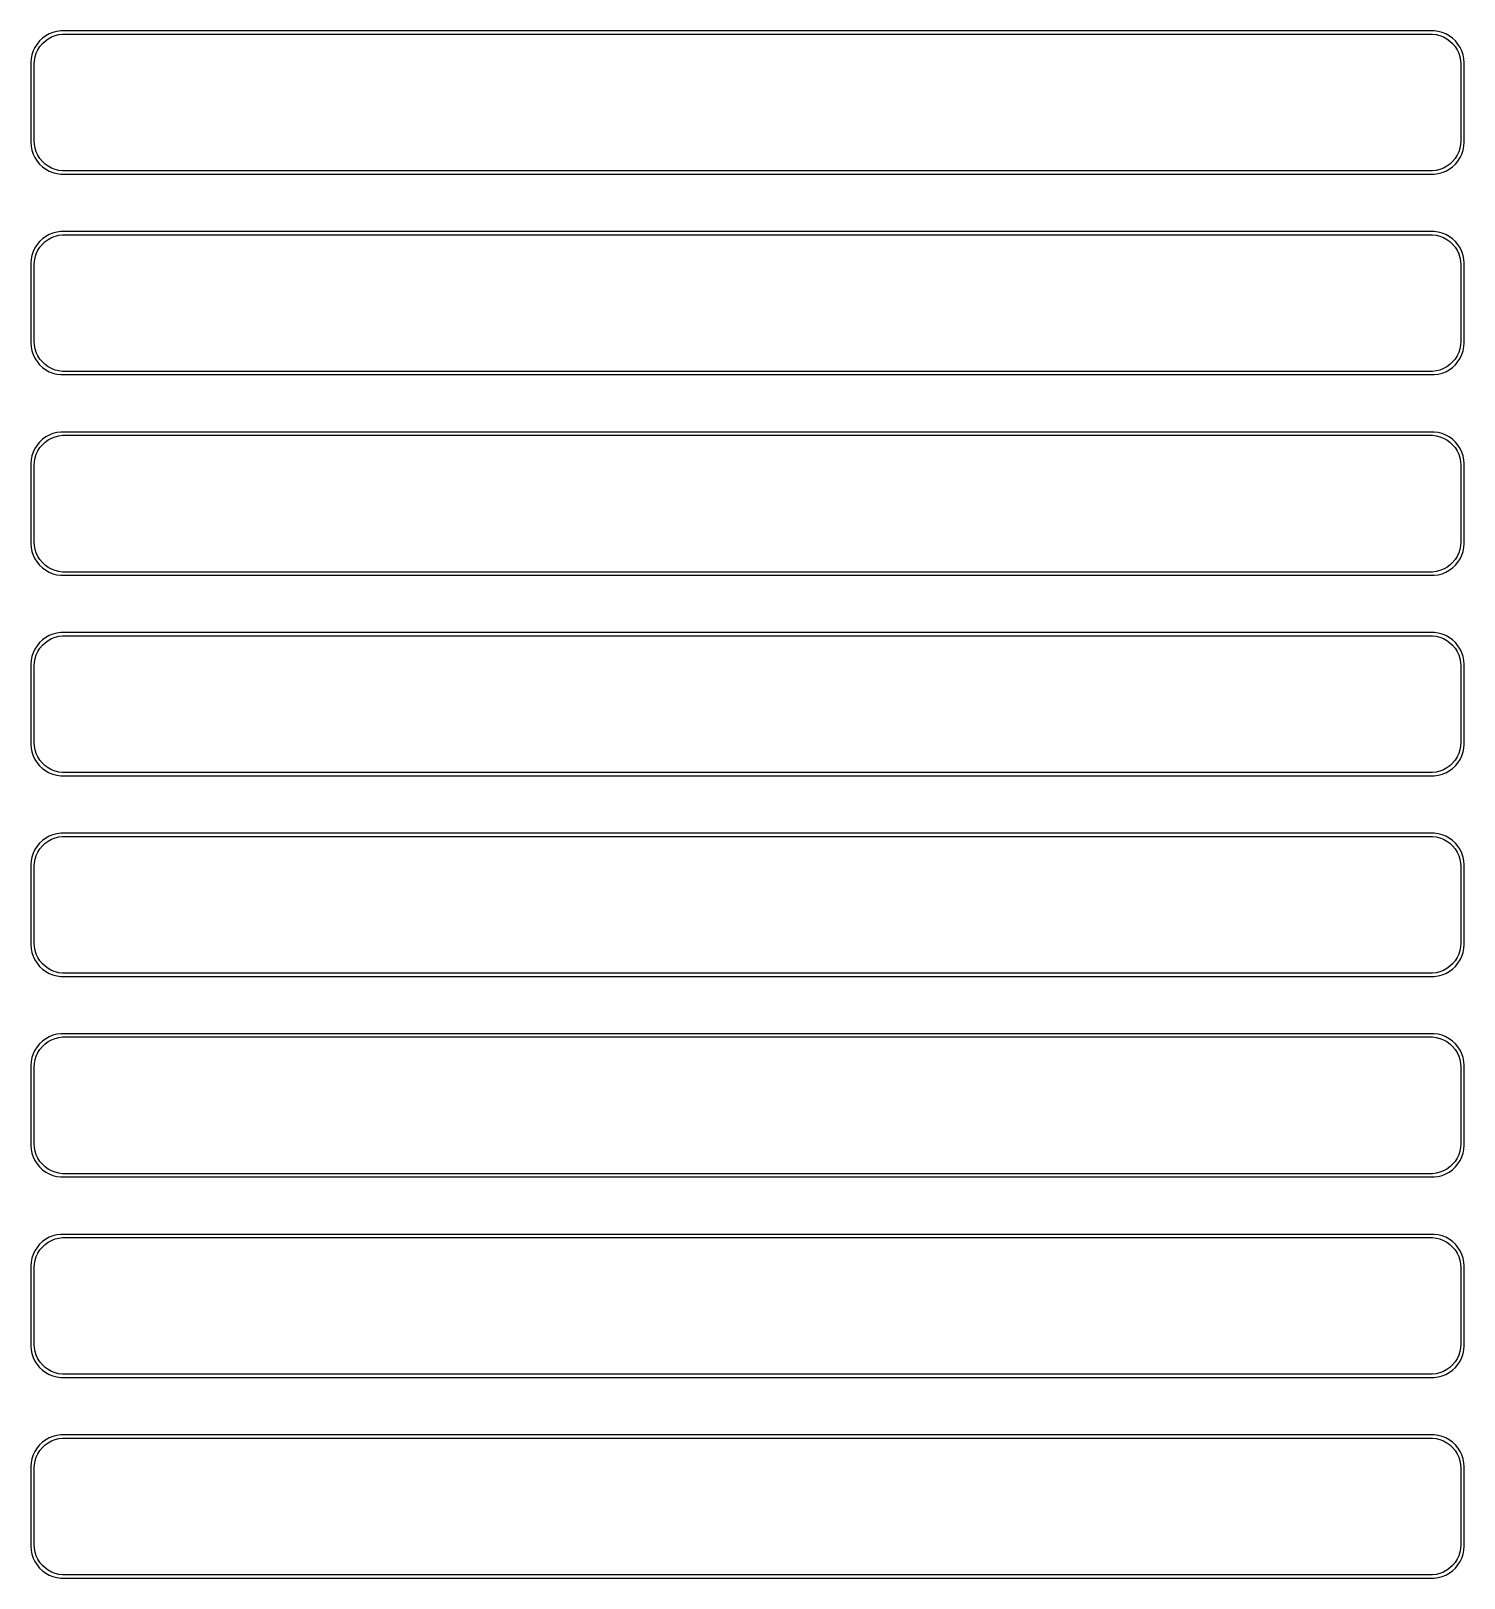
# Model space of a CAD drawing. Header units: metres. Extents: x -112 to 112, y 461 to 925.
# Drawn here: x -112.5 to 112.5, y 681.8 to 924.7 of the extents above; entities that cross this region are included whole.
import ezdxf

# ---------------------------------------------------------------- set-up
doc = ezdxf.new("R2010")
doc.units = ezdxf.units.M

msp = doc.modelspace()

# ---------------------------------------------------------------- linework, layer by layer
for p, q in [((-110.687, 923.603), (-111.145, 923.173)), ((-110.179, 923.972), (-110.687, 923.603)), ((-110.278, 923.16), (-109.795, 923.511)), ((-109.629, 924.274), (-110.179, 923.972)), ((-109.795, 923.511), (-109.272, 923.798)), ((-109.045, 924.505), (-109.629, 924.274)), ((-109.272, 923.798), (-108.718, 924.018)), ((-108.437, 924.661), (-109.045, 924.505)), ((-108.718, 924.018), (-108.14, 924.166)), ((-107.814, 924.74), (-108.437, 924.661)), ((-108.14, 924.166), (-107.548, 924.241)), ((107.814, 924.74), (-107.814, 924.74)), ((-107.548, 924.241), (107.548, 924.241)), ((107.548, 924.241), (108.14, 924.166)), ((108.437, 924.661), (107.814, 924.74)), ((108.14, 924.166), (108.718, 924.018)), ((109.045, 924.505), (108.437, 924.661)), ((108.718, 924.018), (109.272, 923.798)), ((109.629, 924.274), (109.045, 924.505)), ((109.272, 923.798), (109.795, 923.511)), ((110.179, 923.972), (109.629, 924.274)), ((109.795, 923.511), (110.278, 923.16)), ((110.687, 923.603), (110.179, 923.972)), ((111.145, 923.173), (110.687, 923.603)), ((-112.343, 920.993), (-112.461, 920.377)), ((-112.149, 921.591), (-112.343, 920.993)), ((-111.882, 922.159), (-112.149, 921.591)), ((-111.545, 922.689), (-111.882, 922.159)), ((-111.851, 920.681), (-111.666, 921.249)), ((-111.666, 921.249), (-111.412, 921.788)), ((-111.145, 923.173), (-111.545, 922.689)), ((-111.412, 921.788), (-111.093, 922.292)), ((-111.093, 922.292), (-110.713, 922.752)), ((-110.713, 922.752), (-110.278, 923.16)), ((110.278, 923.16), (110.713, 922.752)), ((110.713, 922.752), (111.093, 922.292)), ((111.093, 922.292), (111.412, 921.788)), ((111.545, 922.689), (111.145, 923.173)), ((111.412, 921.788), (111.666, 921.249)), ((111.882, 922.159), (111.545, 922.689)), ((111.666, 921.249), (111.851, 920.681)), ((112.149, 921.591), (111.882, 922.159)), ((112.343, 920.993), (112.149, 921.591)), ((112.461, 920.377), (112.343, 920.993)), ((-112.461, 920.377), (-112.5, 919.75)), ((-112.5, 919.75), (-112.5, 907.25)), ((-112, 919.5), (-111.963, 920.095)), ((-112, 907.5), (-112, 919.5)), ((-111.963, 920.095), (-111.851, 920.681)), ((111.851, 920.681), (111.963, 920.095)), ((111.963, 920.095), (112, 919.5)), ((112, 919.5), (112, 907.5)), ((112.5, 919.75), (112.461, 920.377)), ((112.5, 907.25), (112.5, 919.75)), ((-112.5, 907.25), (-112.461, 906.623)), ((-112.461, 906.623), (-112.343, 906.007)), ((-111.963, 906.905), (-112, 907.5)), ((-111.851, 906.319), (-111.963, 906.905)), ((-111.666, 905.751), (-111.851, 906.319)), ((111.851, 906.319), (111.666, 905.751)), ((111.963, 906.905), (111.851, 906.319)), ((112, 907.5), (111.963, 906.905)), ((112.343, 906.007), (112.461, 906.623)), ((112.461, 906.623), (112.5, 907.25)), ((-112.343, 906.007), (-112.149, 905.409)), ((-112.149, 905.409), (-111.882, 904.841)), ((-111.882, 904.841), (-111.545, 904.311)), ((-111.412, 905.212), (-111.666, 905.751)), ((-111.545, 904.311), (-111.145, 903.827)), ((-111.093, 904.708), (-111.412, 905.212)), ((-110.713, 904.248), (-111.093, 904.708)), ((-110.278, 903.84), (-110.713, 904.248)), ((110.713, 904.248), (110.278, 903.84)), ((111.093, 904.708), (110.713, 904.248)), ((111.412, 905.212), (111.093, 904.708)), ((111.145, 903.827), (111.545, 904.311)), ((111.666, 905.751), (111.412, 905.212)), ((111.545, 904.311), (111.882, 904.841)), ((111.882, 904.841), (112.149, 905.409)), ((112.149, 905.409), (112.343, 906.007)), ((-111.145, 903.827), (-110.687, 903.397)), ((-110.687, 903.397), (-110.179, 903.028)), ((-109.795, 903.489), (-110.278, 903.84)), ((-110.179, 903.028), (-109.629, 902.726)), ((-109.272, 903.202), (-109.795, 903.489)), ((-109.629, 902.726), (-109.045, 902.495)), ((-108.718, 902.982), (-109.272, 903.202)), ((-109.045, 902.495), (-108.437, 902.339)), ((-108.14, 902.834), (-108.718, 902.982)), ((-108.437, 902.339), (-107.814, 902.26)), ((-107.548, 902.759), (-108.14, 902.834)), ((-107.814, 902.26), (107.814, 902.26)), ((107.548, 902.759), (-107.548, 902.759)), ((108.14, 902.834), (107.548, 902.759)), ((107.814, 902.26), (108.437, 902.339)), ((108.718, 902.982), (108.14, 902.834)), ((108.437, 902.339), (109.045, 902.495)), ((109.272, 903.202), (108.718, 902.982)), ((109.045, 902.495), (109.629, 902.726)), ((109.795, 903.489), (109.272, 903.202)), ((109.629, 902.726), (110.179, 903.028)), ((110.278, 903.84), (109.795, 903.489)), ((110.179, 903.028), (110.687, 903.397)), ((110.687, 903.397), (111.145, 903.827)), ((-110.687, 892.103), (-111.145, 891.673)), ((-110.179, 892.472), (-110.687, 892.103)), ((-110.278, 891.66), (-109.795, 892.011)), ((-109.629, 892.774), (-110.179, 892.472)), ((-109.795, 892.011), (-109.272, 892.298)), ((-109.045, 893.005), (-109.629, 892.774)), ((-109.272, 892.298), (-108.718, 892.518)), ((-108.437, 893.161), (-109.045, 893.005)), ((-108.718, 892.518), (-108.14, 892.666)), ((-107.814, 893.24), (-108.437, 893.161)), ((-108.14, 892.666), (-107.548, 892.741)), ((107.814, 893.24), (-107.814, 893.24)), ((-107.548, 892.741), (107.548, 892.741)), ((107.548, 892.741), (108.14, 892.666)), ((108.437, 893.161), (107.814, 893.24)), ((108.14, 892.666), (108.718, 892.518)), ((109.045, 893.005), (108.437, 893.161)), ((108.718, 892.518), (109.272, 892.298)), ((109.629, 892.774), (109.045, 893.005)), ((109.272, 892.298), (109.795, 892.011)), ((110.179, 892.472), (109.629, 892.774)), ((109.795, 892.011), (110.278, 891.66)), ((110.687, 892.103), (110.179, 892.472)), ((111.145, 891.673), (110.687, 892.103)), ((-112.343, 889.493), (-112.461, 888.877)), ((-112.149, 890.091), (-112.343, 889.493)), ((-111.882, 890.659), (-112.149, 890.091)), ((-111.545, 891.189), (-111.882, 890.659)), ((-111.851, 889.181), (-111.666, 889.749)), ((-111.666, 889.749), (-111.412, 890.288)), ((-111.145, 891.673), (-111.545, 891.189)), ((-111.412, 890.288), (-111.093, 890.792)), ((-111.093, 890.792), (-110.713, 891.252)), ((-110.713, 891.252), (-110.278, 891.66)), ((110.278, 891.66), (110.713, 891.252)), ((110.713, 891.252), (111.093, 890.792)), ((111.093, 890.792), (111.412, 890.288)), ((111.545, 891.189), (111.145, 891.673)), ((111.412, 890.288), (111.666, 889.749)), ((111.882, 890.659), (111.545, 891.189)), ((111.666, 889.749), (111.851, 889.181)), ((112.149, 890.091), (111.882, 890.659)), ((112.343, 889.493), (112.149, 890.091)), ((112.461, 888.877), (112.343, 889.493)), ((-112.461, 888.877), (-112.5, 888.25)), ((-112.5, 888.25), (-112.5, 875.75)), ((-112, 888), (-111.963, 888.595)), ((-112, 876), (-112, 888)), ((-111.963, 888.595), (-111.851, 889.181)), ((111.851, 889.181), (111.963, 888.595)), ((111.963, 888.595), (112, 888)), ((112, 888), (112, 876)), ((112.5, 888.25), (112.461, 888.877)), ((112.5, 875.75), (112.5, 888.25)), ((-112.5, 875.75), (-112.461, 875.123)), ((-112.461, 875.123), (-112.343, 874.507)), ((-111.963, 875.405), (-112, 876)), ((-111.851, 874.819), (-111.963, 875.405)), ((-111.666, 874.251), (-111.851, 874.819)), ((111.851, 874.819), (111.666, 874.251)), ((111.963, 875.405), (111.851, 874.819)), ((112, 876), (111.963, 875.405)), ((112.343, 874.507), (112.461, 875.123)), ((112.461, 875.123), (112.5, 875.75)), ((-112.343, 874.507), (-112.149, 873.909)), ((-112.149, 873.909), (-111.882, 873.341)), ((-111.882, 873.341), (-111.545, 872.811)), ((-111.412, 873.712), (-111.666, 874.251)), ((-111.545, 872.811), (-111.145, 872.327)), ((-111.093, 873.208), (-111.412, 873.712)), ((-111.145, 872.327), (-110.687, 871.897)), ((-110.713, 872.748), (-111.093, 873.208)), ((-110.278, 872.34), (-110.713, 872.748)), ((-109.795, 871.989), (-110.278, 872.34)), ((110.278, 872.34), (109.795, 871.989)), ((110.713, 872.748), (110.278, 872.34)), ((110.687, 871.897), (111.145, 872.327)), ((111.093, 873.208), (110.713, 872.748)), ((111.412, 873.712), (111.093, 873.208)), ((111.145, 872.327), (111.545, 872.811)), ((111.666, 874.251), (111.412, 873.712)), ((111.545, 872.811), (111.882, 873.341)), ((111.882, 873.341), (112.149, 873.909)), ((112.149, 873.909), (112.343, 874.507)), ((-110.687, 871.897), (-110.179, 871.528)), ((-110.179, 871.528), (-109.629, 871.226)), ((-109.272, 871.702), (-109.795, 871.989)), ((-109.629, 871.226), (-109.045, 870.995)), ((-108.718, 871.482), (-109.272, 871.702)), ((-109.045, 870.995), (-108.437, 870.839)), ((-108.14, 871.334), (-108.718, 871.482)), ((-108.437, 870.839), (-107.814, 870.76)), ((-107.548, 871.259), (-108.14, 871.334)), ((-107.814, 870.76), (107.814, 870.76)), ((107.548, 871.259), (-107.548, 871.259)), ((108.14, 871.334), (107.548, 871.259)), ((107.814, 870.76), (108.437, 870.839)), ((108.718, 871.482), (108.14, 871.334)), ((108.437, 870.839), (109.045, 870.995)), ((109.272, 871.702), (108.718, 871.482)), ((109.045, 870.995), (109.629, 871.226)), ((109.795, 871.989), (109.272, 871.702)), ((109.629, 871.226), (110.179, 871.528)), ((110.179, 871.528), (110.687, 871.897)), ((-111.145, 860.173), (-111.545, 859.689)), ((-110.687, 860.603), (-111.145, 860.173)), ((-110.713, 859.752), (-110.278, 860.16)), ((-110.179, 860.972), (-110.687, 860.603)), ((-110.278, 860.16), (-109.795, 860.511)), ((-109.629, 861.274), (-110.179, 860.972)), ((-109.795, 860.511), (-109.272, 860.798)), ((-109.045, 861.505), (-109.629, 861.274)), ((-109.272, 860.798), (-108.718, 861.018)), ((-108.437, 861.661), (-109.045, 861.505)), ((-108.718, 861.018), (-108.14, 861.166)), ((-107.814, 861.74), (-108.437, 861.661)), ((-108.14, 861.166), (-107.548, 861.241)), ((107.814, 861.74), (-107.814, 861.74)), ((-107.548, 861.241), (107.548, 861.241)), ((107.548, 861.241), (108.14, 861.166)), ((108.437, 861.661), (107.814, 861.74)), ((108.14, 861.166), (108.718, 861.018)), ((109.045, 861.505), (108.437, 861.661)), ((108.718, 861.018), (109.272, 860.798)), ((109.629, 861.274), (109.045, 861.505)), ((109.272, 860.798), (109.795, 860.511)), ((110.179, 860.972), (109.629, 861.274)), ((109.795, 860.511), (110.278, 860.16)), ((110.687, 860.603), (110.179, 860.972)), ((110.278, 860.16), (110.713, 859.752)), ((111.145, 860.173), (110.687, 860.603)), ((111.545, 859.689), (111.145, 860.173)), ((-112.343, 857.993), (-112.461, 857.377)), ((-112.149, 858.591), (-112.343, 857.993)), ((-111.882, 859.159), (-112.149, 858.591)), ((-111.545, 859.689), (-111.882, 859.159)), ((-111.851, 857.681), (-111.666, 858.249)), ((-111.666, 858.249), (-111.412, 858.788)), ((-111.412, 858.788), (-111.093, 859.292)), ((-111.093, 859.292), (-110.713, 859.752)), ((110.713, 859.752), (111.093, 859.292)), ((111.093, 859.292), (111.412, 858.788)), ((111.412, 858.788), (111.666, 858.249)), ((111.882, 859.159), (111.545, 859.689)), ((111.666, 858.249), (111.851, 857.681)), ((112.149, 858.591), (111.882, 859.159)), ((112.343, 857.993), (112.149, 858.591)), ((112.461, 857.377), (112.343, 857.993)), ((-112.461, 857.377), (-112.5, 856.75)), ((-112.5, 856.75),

## Exercise aim
Pictures are to be left out; the lines from the start of the records above through the line holding "import ezdxf" are to be returned exactly.

## Your solution
# Model space of a CAD drawing. Header units: metres. Extents: x -112 to 112, y 461 to 925.
# Drawn here: x -112.5 to 112.5, y 681.8 to 924.7 of the extents above; entities that cross this region are included whole.
import ezdxf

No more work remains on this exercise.